んで、限界に挑戦状態なのは私だけではなくて、特許の主に技術面の解析をし、被疑製品の解析をし、両者を比較し、というところを中心にやっている下の人も同様の目に遭っている。彼は一応現在は部下にあたるなんだけど、扱いはほぼ同僚。動ける範囲も、任せられる裁量も似たようなものなので。得意分野が彼は技術寄りで私は特許寄りのため、特に係争時は補足し合ってちょうどよく、お互い冗談で「一蓮托生」と言い合っている。
で、法務サイドの方もほかの案件もあったりして、似たり寄ったりの状況にあり、この限界状態だといつ誰が倒れてもおかしくない。で、つらつら考えていて、法務側が誰か抜けても自分でカバーできるけど、上記のウチの下の人が抜けられると同じパフォーマンスを出すのはちょっと自信がない。効率が落ちること甚だしい。と直感的に思って、何でだろう?と考えた。

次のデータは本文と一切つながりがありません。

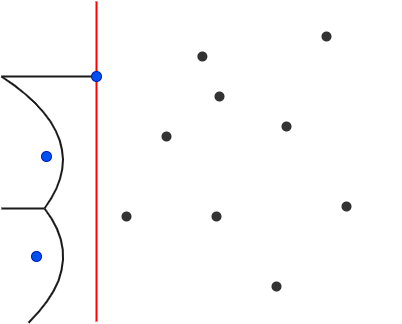

The diagram above was exported from draw.io. Its source (the exported page's mxGraphModel, read from the mxfile embedded in the PNG):
<mxGraphModel dx="856" dy="1190" grid="1" gridSize="10" guides="1" tooltips="1" connect="1" arrows="1" fold="1" page="1" pageScale="1" pageWidth="827" pageHeight="1169" math="0" shadow="0">
  <root>
    <mxCell id="0" />
    <mxCell id="1" parent="0" />
    <mxCell id="25" value="" style="rounded=0;whiteSpace=wrap;html=1;strokeColor=none;fillColor=#FFFFFF;" parent="1" vertex="1">
      <mxGeometry width="400" height="320" as="geometry" />
    </mxCell>
    <mxCell id="23" value="" style="endArrow=none;html=1;strokeColor=#1A1A1A;strokeWidth=2;entryX=0;entryY=0.5;entryDx=0;entryDy=0;" parent="1" edge="1" target="5">
      <mxGeometry width="50" height="50" relative="1" as="geometry">
        <mxPoint y="75" as="sourcePoint" />
        <mxPoint x="30" y="255" as="targetPoint" />
      </mxGeometry>
    </mxCell>
    <mxCell id="19" value="" style="endArrow=none;html=1;strokeColor=#FF0000;strokeWidth=2;" parent="1" edge="1">
      <mxGeometry width="50" height="50" relative="1" as="geometry">
        <mxPoint x="95" y="320" as="sourcePoint" />
        <mxPoint x="95" as="targetPoint" />
      </mxGeometry>
    </mxCell>
    <mxCell id="3" value="" style="ellipse;whiteSpace=wrap;html=1;strokeColor=#001DBC;fillColor=#0050ef;fontColor=#ffffff;" parent="1" vertex="1">
      <mxGeometry x="30" y="250" width="10" height="10" as="geometry" />
    </mxCell>
    <mxCell id="4" value="" style="ellipse;whiteSpace=wrap;html=1;strokeColor=#001DBC;fillColor=#0050ef;fontColor=#ffffff;" parent="1" vertex="1">
      <mxGeometry x="40" y="150" width="10" height="10" as="geometry" />
    </mxCell>
    <mxCell id="5" value="" style="ellipse;whiteSpace=wrap;html=1;strokeColor=#001DBC;fillColor=#0050ef;fontColor=#ffffff;" parent="1" vertex="1">
      <mxGeometry x="90" y="70" width="10" height="10" as="geometry" />
    </mxCell>
    <mxCell id="6" value="" style="ellipse;whiteSpace=wrap;html=1;strokeColor=none;fillColor=#333333;" parent="1" vertex="1">
      <mxGeometry x="270" y="280" width="10" height="10" as="geometry" />
    </mxCell>
    <mxCell id="7" value="" style="ellipse;whiteSpace=wrap;html=1;strokeColor=none;fillColor=#333333;" parent="1" vertex="1">
      <mxGeometry x="195.88" y="50" width="10" height="10" as="geometry" />
    </mxCell>
    <mxCell id="8" value="" style="ellipse;whiteSpace=wrap;html=1;strokeColor=none;fillColor=#333333;" parent="1" vertex="1">
      <mxGeometry x="160" y="130" width="10" height="10" as="geometry" />
    </mxCell>
    <mxCell id="9" value="" style="ellipse;whiteSpace=wrap;html=1;strokeColor=none;fillColor=#333333;" parent="1" vertex="1">
      <mxGeometry x="210" y="210" width="10" height="10" as="geometry" />
    </mxCell>
    <mxCell id="10" value="" style="ellipse;whiteSpace=wrap;html=1;strokeColor=none;fillColor=#333333;" parent="1" vertex="1">
      <mxGeometry x="280" y="120" width="10" height="10" as="geometry" />
    </mxCell>
    <mxCell id="11" value="" style="ellipse;whiteSpace=wrap;html=1;strokeColor=none;fillColor=#333333;" parent="1" vertex="1">
      <mxGeometry x="320" y="30" width="10" height="10" as="geometry" />
    </mxCell>
    <mxCell id="12" value="" style="ellipse;whiteSpace=wrap;html=1;strokeColor=none;fillColor=#333333;" parent="1" vertex="1">
      <mxGeometry x="213" y="90" width="10" height="10" as="geometry" />
    </mxCell>
    <mxCell id="13" value="" style="ellipse;whiteSpace=wrap;html=1;strokeColor=none;fillColor=#333333;" parent="1" vertex="1">
      <mxGeometry x="340" y="200" width="10" height="10" as="geometry" />
    </mxCell>
    <mxCell id="15" value="" style="ellipse;whiteSpace=wrap;html=1;strokeColor=none;fillColor=#333333;" parent="1" vertex="1">
      <mxGeometry x="120" y="210" width="10" height="10" as="geometry" />
    </mxCell>
    <mxCell id="28" value="" style="endArrow=none;html=1;curved=1;strokeColor=#1A1A1A;strokeWidth=2;" edge="1" parent="1">
      <mxGeometry width="50" height="50" relative="1" as="geometry">
        <mxPoint x="43" y="207" as="sourcePoint" />
        <mxPoint y="75" as="targetPoint" />
        <Array as="points">
          <mxPoint x="95" y="137" />
        </Array>
      </mxGeometry>
    </mxCell>
    <mxCell id="29" value="" style="endArrow=none;html=1;curved=1;strokeColor=#1A1A1A;strokeWidth=2;" edge="1" parent="1">
      <mxGeometry width="50" height="50" relative="1" as="geometry">
        <mxPoint x="43" y="207" as="sourcePoint" />
        <mxPoint x="27" y="321.2" as="targetPoint" />
        <Array as="points">
          <mxPoint x="87" y="263" />
        </Array>
      </mxGeometry>
    </mxCell>
    <mxCell id="30" value="" style="endArrow=none;html=1;strokeColor=#1A1A1A;strokeWidth=2;" edge="1" parent="1">
      <mxGeometry width="50" height="50" relative="1" as="geometry">
        <mxPoint y="207" as="sourcePoint" />
        <mxPoint x="43" y="207" as="targetPoint" />
      </mxGeometry>
    </mxCell>
  </root>
</mxGraphModel>

で、タイトルの通り、彼はブリッジ機能が突出して優れているので、直属に抱えているともの凄く使い勝手がいいのだ、ということに思い当たった。ブリッジ機能ってなにかといえば、
(1)技術事項との橋渡し
何しろ私は技術バックグラウンドがないので、一通り彼に説明してもらってから公報を読むのと一から読むのとではまるで理解の速さが違う。特になれない分野のだったり、用語の書きっぷりが日頃読み慣れているものと違う傾向だったりすると、自力で読み下すのはかなり労力がかかる。ここを助けてもらえるのは大変ありがたい。はじめのつかみの早さが全然違うんだもの。
(2)当社製品との橋渡し
同様に、製品の構造・電気的構成(回路から機能ブロックまで)も、質問してもさっぱりまともな回答が帰ってこない事業部開発者に突っ込んで根掘り葉掘り聞き出して組み立てて、特許との対比ができるレベルまで持ってくる。彼がやってもここは結構手間暇かかるんだけど、それでもなんとか使えるレベルまで(開発ができなければ外注先を引っ張り出してでも、自力で作ってでも)持ってくるのは偉い。これをやってもらえないとなると、自分で掘り出しに行かねばならず、これはけっこう手間がかかるし限界もあるだろう。
(3)社内人脈との橋渡し
社歴が長く(20年弱)、当社には珍しいプロパー社員であり、おまけに知財にくるまであちこち部署を転々としているものだから、上は役員から下はチームリーダーくらいまでかなり顔が利く。頭の回転が速く、小器用なこともあって、とりあえず「なんとかする」タイプなため、割と各所から情報も集まりやすく、相談ごとも持ち込まれやすい。このため、社内人脈が豊富で、なにかやりたいことが自部門だけでできない場合にどこにもちこめばやれそうかの当たりをつけるのがうまい。私はなにしろまだ転職して3年なので、このギャップを埋めてもらえるのはもの凄くありがたい。
とここまで書いて、ほんとに貴重な人材だわ〜と改めて思ったのだった。大事にしなくちゃ(の割に使い倒してるけどさ)。